The Daily Life of North Koreans:
Peddlers Carrying the Future of North Korea on Their Backs
Written by PAEK Chang-ryong, a defector reporter
Peddlers holding up the state economy system
"We can no longer rely on the state system."
This is the message at the heart of knowledge acquired by North Korean citizens through experiencing the collapse of the state-planned economy in the 1990s. During the course of the breakdown of North Korean society, including the state rationing system, people were obliged to find their own way without relying on the state. North Koreans could not even buy a kilogram of rice from their monthly salary, paid out in workplaces across the country.
Twenty years have passed since this time of severe hardships, since then economic circulation systems and nationwide networks have emerged spontaneously from the social demands. This is apparent in the increase in the number of people finding their own ways to live by engaging in private business and trade. One of the items that best represents the business activities of the North Korean people is the oversize backpack.
These large backpacks, that have become so visible on the sturdy backs of women around North Korea, can be seen everywhere in the country except for in the state run-media. It is common to see women humping full backpacks of more than 50kgs (=110 lbs) and, as with the woman in the photograph, carrying other luggage in both hands.

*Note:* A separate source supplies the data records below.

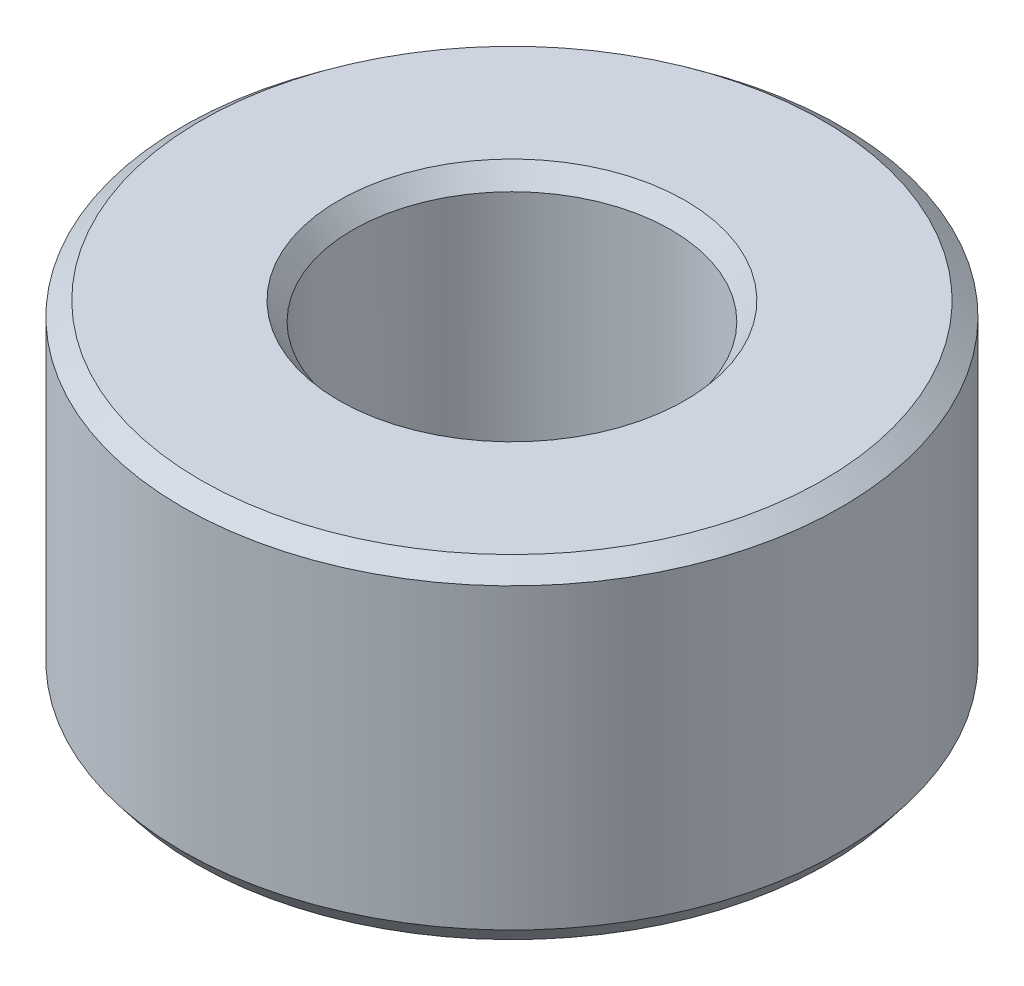
SolidWorks part; units mm, degrees
ref_plane "Front Plane" through (0, 0, 0) normal (0, 0, 1) x (1, 0, 0)
ref_plane "Top Plane" through (0, 0, 0) normal (0, 1, 0) x (1, 0, 0)
ref_plane "Right Plane" through (0, 0, 0) normal (1, 0, 0) x (0, 0, -1)
sketch "Sketch1" plane through (0, 0, 0) normal (0, 1, 0) x (1, 0, 0)
  circle A0 centre (0, 0) radius 52.5
  dimension "SLEEVE_OD" = 105
extrude "Boss-Extrude1" add sketch "Sketch1" along normal blind 52.6571
sketch "Sketch2" plane through (0, 0, 0) normal (0, 1, 0) x (1, 0, 0)
  circle A0 centre (0, 0) radius 25.335
  dimension "BORE_D" = 50.67
extrude "Cut-Extrude1" cut sketch "Sketch2" along normal through all
chamfer "Chamfer1" distance 2.2589 angle 52.249 4 edges at (0, 52.6571, 25.335) (0, 0, 25.335) (0, 0, 52.5) (0, 52.6571, 52.5) first distance on face at (0, 52.6571, 25.335) first distance on face at (0, 0, 25.335) first distance on face at (0, 52.6571, 52.5)

This over-sized capacity backpack is, we can say, a product of "Arduous March" that prevailed in the 1990s and was characterized by mass-starvation. The backpack, as well as bicycles, has become a necessary item for people to carry out private business. Many women have conquered the hardships of starvation and poverty by running around from city to city, village to village as a peddler with a pack strapped to their back.
It is most commonly women who are tasked with the role of carrying the hopes of their family on their backs. In North Korea, all men are principally obliged to attend the workplace, and if unauthorized absences are repeatedly recorded, heavy punishments are meted out, including time in a correctional facility known as a "Labor Training Troops". It is possible to circumvent this by bribing the workplace administrator, but in the workplaces, men are burdened with several obligations, including participating in military drills and supporting mobilization for farming collectives. The workplace functions as a social regimentation in North Korea.
The other reason is that women are considered better suited for the trading business. There are frequent inspections and controls at checkpoints whenever people try to move to other areas, but most of the inspectors are men.
It is thought that women can avoid incarceration easier if they are apprehended without the correct documents, or questioned at the checkpoint. These women are very good at dealing with officers; they have experience in handling bribes and know how to get out of a pinch. Furthermore, in North Korea it is widely believed that men waste their money on drinking and smoking during travel, and are thus less able to make a good profit through the peddling business.
As of late there is a great deal of analysis expressing the belief that people's lives in North Korea are becoming more stable as a result of the development of the normalization of the peddling business. However, it should be remarked that this development is based on the sweat and tears of these female peddlers.
We should not forget that the North Korean economy is buoyed by peddlers crisscrossing North Korea with heavy loads on their backs. Their "Arduous March" has never ended.